The case books of John Hunter FRS, edited by Elizabeth Allen, J. L. Turk, and Reginald Murley.

London: Royal College of Medicine Services Limited, 1993.

The edition also provides invaluable information regarding Hunter's life and work, and a discussion of the existing Hunterian manuscripts and the record of their survival or loss. As an account of the unique story of the partial survival and partial destruction of John Hunter's manuscripts I quote from the summary provided by the SurgiCat website of the Royal College of Surgeons as accessed in August 2016 at this link:

"The Destruction of the Hunterian Manuscripts:

John Hunter kept many manuscript notes of his dissections, cases, and research. Hunter employed a number of amanuenses so that fair copies of his rough manuscripts could be taken, the rough manuscripts often being destroyed after this had been done. Hunter published two major works on the teeth in 1771 and 1778, as well as many papers on a variety of topics. However there still remained a great deal of unpublished material after Hunter’s death in 1793. These manuscripts were kept at Hunter’s house in Castle Street under the care of William Clift. Over the next six years, William Clift copied many of the manuscripts for his own reference.
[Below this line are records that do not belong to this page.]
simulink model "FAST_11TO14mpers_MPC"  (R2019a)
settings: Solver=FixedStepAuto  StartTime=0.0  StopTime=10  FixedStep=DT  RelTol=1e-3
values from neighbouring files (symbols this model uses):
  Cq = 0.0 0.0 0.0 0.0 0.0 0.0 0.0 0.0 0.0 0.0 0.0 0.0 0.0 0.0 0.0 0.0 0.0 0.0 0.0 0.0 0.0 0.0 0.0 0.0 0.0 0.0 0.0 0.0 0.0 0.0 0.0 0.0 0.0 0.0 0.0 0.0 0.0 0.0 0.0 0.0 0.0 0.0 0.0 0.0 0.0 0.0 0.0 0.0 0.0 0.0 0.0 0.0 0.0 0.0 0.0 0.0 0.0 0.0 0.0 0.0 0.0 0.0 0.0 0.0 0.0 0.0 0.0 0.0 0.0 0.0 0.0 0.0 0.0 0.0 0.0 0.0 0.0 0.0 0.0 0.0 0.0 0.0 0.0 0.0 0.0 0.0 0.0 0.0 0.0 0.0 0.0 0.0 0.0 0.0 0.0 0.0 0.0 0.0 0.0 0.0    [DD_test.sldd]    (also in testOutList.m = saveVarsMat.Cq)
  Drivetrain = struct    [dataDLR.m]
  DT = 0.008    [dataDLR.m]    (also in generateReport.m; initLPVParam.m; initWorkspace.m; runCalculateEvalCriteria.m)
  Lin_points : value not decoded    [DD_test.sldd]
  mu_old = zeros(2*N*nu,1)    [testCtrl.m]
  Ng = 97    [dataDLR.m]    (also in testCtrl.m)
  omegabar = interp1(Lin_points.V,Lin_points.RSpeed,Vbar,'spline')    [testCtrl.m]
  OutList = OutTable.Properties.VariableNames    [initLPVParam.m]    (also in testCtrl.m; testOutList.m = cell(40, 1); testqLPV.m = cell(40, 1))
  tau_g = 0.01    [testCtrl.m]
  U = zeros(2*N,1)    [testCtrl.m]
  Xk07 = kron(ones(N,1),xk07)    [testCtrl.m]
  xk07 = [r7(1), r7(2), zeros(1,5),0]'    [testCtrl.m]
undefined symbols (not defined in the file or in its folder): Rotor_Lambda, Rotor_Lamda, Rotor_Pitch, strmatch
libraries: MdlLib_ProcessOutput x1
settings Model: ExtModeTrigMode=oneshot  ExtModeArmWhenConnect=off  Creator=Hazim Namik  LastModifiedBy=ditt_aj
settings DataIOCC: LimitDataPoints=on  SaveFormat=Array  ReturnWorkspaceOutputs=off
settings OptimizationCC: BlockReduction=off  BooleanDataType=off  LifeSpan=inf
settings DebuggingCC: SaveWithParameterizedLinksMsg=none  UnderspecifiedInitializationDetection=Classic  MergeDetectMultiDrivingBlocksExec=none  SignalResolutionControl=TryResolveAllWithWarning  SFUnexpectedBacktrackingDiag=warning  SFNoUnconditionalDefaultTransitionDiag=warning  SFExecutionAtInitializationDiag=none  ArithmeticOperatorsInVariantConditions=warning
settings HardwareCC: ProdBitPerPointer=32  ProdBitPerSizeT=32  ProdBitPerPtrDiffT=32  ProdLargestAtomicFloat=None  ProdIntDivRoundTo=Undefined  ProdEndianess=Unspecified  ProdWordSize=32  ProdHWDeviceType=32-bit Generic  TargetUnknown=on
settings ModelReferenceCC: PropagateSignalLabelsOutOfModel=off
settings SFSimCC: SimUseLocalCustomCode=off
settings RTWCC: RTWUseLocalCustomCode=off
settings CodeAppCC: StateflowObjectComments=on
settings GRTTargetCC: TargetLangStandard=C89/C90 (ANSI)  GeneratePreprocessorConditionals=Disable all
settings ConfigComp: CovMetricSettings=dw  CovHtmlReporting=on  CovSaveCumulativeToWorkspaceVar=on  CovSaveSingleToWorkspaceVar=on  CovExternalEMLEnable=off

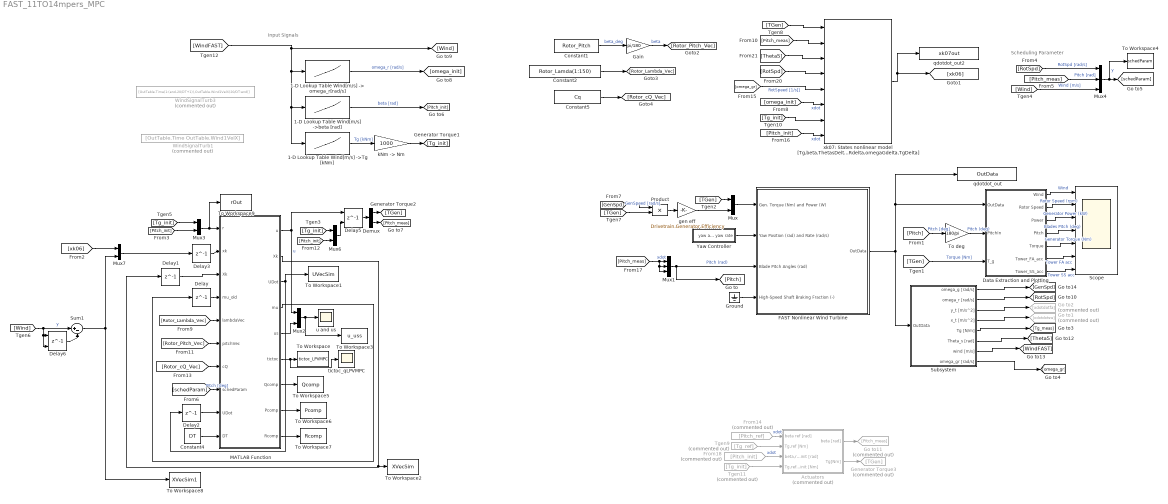
== system FAST_11TO14mpers_MPC ==
  note: Scheduling Parameter
  note: Input Signals
  "1-D Lookup Table Wind[m/s] -> omega_r[rad/s]" : Lookup_n-D  NumberOfTableDimensions=1  BreakpointsForDimension1=Lin_points.V  BreakpointsForDimension2=Rotor_Lambda  Table=Lin_points.RSpeed  InternalRulePriority=Speed  RndMeth=Simplest  InputSameDT=on
  1-D Lookup Table Wind[m/s] ->Tg [kNm] : Lookup_n-D  NumberOfTableDimensions=1  BreakpointsForDimension1=Lin_points.V  BreakpointsForDimension2=Rotor_Lambda  Table=Lin_points.Torque  InternalRulePriority=Speed  RndMeth=Simplest  InputSameDT=on
  1-D Lookup Table Wind[m/s] ->beta [rad] : Lookup_n-D  NumberOfTableDimensions=1  BreakpointsForDimension1=Lin_points.V  BreakpointsForDimension2=Rotor_Lambda  Table=Lin_points.Pitch  InternalRulePriority=Speed  RndMeth=Simplest  InputSameDT=on
  Actuators : Subsystem  Commented=on
  Constant1 : Constant  Value=Rotor_Pitch
  Constant2 : Constant  Value=Rotor_Lamda(1:150)
  Constant4 : Constant  Value=DT
  Constant5 : Constant  Value=Cq
  Data Extraction and Plotting : Subsystem
  Delay : Delay  DelayLength=1  InitialCondition=mu_old
  Delay1 : Delay  DelayLength=1  InitialCondition=Xk07
  Delay2 : Delay  DelayLength=1  InitialCondition=U
  Delay3 : Delay  DelayLength=1  InitialCondition=xk07
  Delay5 : Delay  DelayLength=1  InitialConditionSource=Input port  InitialCondition=[0,omegabar]
      settings: InputPortMap=u0,p4
  Delay6 : Delay  DelayLength=1  InitialConditionSource=Input port  InitialCondition=[0, Lin_points.Torque(1)]
      settings: InputPortMap=u0,p4
  Demux : Demux  Outputs=2
  FAST Nonlinear Wind Turbine : Subsystem  mask(FAST Nonlinear Wind Turbine){}
      mask help: This block contains the FAST S-Function.
      mask init:
      | clear FAST_SFunc
  From14 : From  Commented=on  GotoTag=Pitch_ref
      settings: CloseFcn=tagdialog Close
  From18 : From  Commented=on  GotoTag=Pitch_init
      settings: CloseFcn=tagdialog Close
  Gain : Gain  Gain=pi/180
  Generator Torque3 : Goto  Commented=on  GotoTag=TGen
  Go to1 : Goto  Commented=on  GotoTag=xdotdotsw
  Go to11 : Goto  Commented=on  GotoTag=Pitch_meas
  Go to2 : Goto  Commented=on  GotoTag=xdotdotfa
  Ground : Ground
  MATLAB Function : MATLAB Function  TreatAsAtomicUnit=on
  Mux{,2..3,6..7} (5 alike) : Mux  Inputs=2
  Mux1 : Mux  Inputs=3
  Mux4 : Mux  Inputs=3
  Product : Product  RndMeth=Zero
  Scope : Scope  NumInputPorts=7
      settings: Tag=Scope
  Subsystem : Subsystem
  Sum1 : Sum  Inputs=|+-
  Tgen11 : From  Commented=on  GotoTag=Tg_init
      settings: CloseFcn=tagdialog Close
  Tgen9 : From  Commented=on  GotoTag=Tg_ref
      settings: CloseFcn=tagdialog Close
  To Workspace : ToWorkspace  VariableName=tictoc_LPVMPC  SaveFormat=Timeseries  SampleTime=-1
  To Workspace1 : ToWorkspace  VariableName=UVecSim  SampleTime=-1
  To Workspace2 : ToWorkspace  VariableName=XVecSim  SampleTime=-1
  To Workspace3 : ToWorkspace  VariableName=u_uss  SampleTime=-1
      settings: Save2DSignal=2-D array (concatenate along first dimension)
  To Workspace4 : ToWorkspace  VariableName=schedParam  SampleTime=-1
      settings: Save2DSignal=2-D array (concatenate along first dimension)
  To Workspace5 : ToWorkspace  VariableName=Qcomp  SampleTime=-1
      settings: Save2DSignal=2-D array (concatenate along first dimension)
  To Workspace6 : ToWorkspace  VariableName=Pcomp  SampleTime=-1
      settings: Save2DSignal=2-D array (concatenate along first dimension)
  To Workspace7 : ToWorkspace  VariableName=Rcomp  SampleTime=-1
      settings: Save2DSignal=2-D array (concatenate along first dimension)
  To Workspace8 : ToWorkspace  VariableName=XVecSim1  SampleTime=-1
  To Workspace9 : ToWorkspace  VariableName=rOut  SampleTime=-1
  To deg : Gain  Gain=180/pi
  WindSignalTurb1 : FromWorkspace  Commented=on  VariableName=[OutTable.Time OutTable.Wind1VelX]  SampleTime=DT  OutputAfterFinalValue=Holding final value
  WindSignalTurb3 : FromWorkspace  Commented=on  VariableName=[OutTable.Time(1:(end-20/DT+1)),OutTable.Wind1VelX(20/DT:end)]  SampleTime=DT  OutputAfterFinalValue=Holding final value
  Yaw Controller : Subsystem
  gen eff : Gain  Gain=Drivetrain.Generator.Efficiency
  "kNm -> Nm" : Gain  Gain=1000
  qdotdot_out : ToWorkspace  VariableName=OutData  SampleTime=-1
  qdotdot_out2 : ToWorkspace  VariableName=xk07out  SampleTime=-1
  tictoc_qLPVMPC : Scope
  u and us : Scope
  xk07: States nonlinear model [Tg,beta,ThetasDelta,omegaRdelta,omegaGdelta,TgDelta] : MdlLib_ProcessOutput/xk07: States nonlinear model [Tg,beta,ThetasDelta,omegaRdelta,omegaGdelta,TgDelta]  SystemSampleTime=-1
  wires:
  Mux/1 -> FAST Nonlinear Wind Turbine/1(Gen. Torque (Nm) and Power (W))
  Yaw Controller/1(yaw and yaw rate) -> FAST Nonlinear Wind Turbine/2(Yaw Position (rad) and Rate (rad/s))
  Mux1/1 -> [Pitch], FAST Nonlinear Wind Turbine/3(Blade Pitch Angles (rad))  "Pitch (rad)"
  gen eff/1 -> Mux/2
  Product/1 -> gen eff/1
  Data Extraction and Plotting/3(Power) -> Scope/3  "Generator Power (kW)"
  [Pitch] -> To deg/1  "Pitch [deg]"
  Data Extraction and Plotting/1(Wind) -> Scope/1  "Wind"
  Data Extraction and Plotting/2(Rotor Speed) -> Scope/2  "Rotor Speed (rpm)"
  [TGen] -> Data Extraction and Plotting/3(T_g)  "Torque [Nm]"
  FAST Nonlinear Wind Turbine/1(OutData) -> Subsystem/1(OutData), qdotdot_out/1, Data Extraction and Plotting/1(OutData)
  Data Extraction and Plotting/4(Pitch) -> Scope/4  "Blades Pitch (deg)"
  Data Extraction and Plotting/5(Torque) -> Scope/5  "Generator Torque (Nm)"
  Data Extraction and Plotting/6(Tower_FA_acc) -> Scope/6  "Tower FA acc"
  Data Extraction and Plotting/7(Tower_SS_acc) -> Scope/7  "Tower SS acc"
  Ground/1 -> FAST Nonlinear Wind Turbine/4(High-Speed Shaft Braking Fraction (-))
  [TGen] -> Mux/1
  Subsystem/8(omega_gr [rad/s]) -> [omega_gr]
  Subsystem/3(y_t [m/s^2]) -> Go to2/1
  Subsystem/4(x_t [m/s^2]) -> Go to1/1
  Subsystem/5(Tg [N/m]) -> [Tg_meas]
  [GenSpd] -> Product/1  "GenSpeed [rad/s]"
  [Pitch_meas] -> Mux4/2  "Pitch [rad]"
  [Tg_init] -> xk07: States nonlinear model [Tg,beta,ThetasDelta,omegaRdelta,omegaGdelta,TgDelta]/7
  [Wind] -> Mux4/3  "Wind [m/s]"
  [Pitch_meas] -> xk07: States nonlinear model [Tg,beta,ThetasDelta,omegaRdelta,omegaGdelta,TgDelta]/2
  [RotSpd] -> Mux4/1  "RotSpd [rad/s]"
  [omega_init] -> xk07: States nonlinear model [Tg,beta,ThetasDelta,omegaRdelta,omegaGdelta,TgDelta]/6  "xdot"
  [Pitch_init] -> xk07: States nonlinear model [Tg,beta,ThetasDelta,omegaRdelta,omegaGdelta,TgDelta]/8  "xdot"
  [TGen] -> xk07: States nonlinear model [Tg,beta,ThetasDelta,omegaRdelta,omegaGdelta,TgDelta]/1
  Constant5/1 -> [Rotor_cQ_Vec]
  xk07: States nonlinear model [Tg,beta,ThetasDelta,omegaRdelta,omegaGdelta,TgDelta]/1 -> [xk06], qdotdot_out2/1
  [omega_gr] -> xk07: States nonlinear model [Tg,beta,ThetasDelta,omegaRdelta,omegaGdelta,TgDelta]/5  "RotSpeed [1/s]]"
  [ThetaS] -> xk07: States nonlinear model [Tg,beta,ThetasDelta,omegaRdelta,omegaGdelta,TgDelta]/3
  [RotSpd] -> xk07: States nonlinear model [Tg,beta,ThetasDelta,omegaRdelta,omegaGdelta,TgDelta]/4
  Gain/1 -> [Rotor_Pitch_Vec]  "beta"
  Constant1/1 -> Gain/1  "beta_deg"
  Mux4/1 -> To Workspace4/1, [schedParam]  "y"
  Constant2/1 -> [Rotor_Lambda_Vec]
  [WindFAST] -> "1-D Lookup Table Wind[m/s] -> omega_r[rad/s]"/1, 1-D Lookup Table Wind[m/s] ->beta [rad]/1, 1-D Lookup Table Wind[m/s] ->Tg [kNm]/1, [Wind]
  "1-D Lookup Table Wind[m/s] -> omega_r[rad/s]"/1 -> [omega_init]  "omega_r [rad/s]"
  1-D Lookup Table Wind[m/s] ->Tg [kNm]/1 -> "kNm -> Nm"/1  "Tg [kNm]"
  "kNm -> Nm"/1 -> [Tg_init]
  1-D Lookup Table Wind[m/s] ->beta [rad]/1 -> [Pitch_init]  "beta [rad]"
  Demux/1 -> [TGen]
  MATLAB Function/3(UDot) -> Delay2/1, To Workspace1/1
  Delay6/1 -> Sum1/2
  Delay3/1 -> MATLAB Function/2(xk)
  Delay2/1 -> MATLAB Function/9("UDot ")
  Mux2/1 -> u and us/1, To Workspace3/1
  [Rotor_Lambda_Vec] -> MATLAB Function/5(lambdaVec)
  [Tg_init] -> Mux3/1
  MATLAB Function/7(Qcomp) -> To Workspace5/1
  Constant4/1 -> MATLAB Function/10(DT)
  [Tg_init] -> Mux6/1
  [Pitch_init] -> Mux6/2
  [schedParam] -> MATLAB Function/8(schedParam)  "Pitch [deg]"
  Delay5/1 -> Demux/1
  Mux7/1 -> Delay3/1
  Demux/2 -> [Pitch_meas]
  Mux6/1 -> Delay5/2
  [Wind] -> Delay6/2, Delay6/1, Sum1/1  "y"
  [xk06] -> Mux7/1
  [Rotor_cQ_Vec] -> MATLAB Function/7(cQ)
  Sum1/1 -> To Workspace8/1, Mux7/2
  MATLAB Function/8(Pcomp) -> To Workspace6/1
  MATLAB Function/9(Rcomp) -> To Workspace7/1
  [Rotor_Pitch_Vec] -> MATLAB Function/6(pitchVec)
  Mux3/1 -> To Workspace9/1, MATLAB Function/1(r)
  MATLAB Function/1(u) -> Delay5/1, Mux2/1  "u"
  Delay1/1 -> MATLAB Function/3("Xk ")
  [Pitch_init] -> Mux3/2
  Delay/1 -> MATLAB Function/4(mu_old)
  MATLAB Function/6(tictoc) -> tictoc_qLPVMPC/1, To Workspace/1
  MATLAB Function/2(Xk) -> Delay1/1, To Workspace2/1
  MATLAB Function/4(mu) -> Delay/1
  MATLAB Function/5(us) -> Mux2/2
  [Pitch_meas] -> Mux1/3, Mux1/2, Mux1/1  "xdot"
  Subsystem/2(omega_r [rad/s]) -> [RotSpd]
  Actuators/2(Tg[Nm]) -> Generator Torque3/1
  Tgen9/1 -> Actuators/2(Tg,ref [Nm])
  From14/1 -> Actuators/1(beta ref [rad])  "xdot"
  Actuators/1(beta [rad]) -> Go to11/1
  [TGen] -> Product/2
  Tgen11/1 -> Actuators/4(Tg,ref init [Nm])
  From18/1 -> Actuators/3(beta,ref init [rad])  "xdot"
  Subsystem/6(Theta_s [rad]) -> [ThetaS]
  Subsystem/7(wind [m/s]) -> [WindFAST]
  Subsystem/1(omega_g [rad/s]) -> [GenSpd]
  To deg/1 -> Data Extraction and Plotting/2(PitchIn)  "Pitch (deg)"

John Hunter wished his collection of specimens should be offered to the British Government. In 1799 the collections were offered to The Company of Surgeons, which became The Royal College of Surgeons of England in 1800. A museum was purpose built to incorporate these collections in Lincoln’s Inn Fields. In December 1799, Sir Everard Home ordered that all the Hunterian manuscripts should be transferred to his own house.

Sir Everard Home, a Hunterian Trustee and one of John Hunter’s executors, was entrusted by the Board of Trustees for the Hunterian Collections, to use the manuscripts to compile a catalogue of the specimens. However, this catalogue never appeared. In 1823, Sir Everard Home spoke to William Clift of a fire at his home resulting in the fire brigade being called, which was caused by his burning of John Hunter’s manuscripts in the fireplace.

The Hunterian Trustees began to worry about the catalogue being completed and elected a committee to consider the catalogue at their meeting in February 1824. The Board of Curators of the Museum requested on the 5th March 1824 that the Hunter manuscripts be transferred to the College as soon as possible. Sir Everard Home responded that John Hunter did not consider his manuscripts to be seen by the public due to their imperfect state and that they should instead be destroyed. Home claimed that he had spent the last 30 years using the papers for the benefit of the museum, but due to his own ill health could not continue this, and ended his executorship by destroying them.

The Board of Trustees were astonished and correspondence followed between the Trustees, the Board of Curators, and Sir Everard Home. This resulted in Sir Everard Home presenting the Board of Trustees with a sealed parcel containing some of John Hunter’s descriptions of specimens, on the 27th November 1824. Sir Everard Home claimed these were all the records of Morbid Anatomy of John Hunter. The Board of Curators reported that the records were incomplete and William Clift revealed that the records when he had looked after them between 1793 and 1799 had been much more numerous. Sir Everard Home did not respond to the questions asked of him about these records, but presented the Cases in Surgery manuscripts to the Board of Trustees at the meeting on 19th February 1825.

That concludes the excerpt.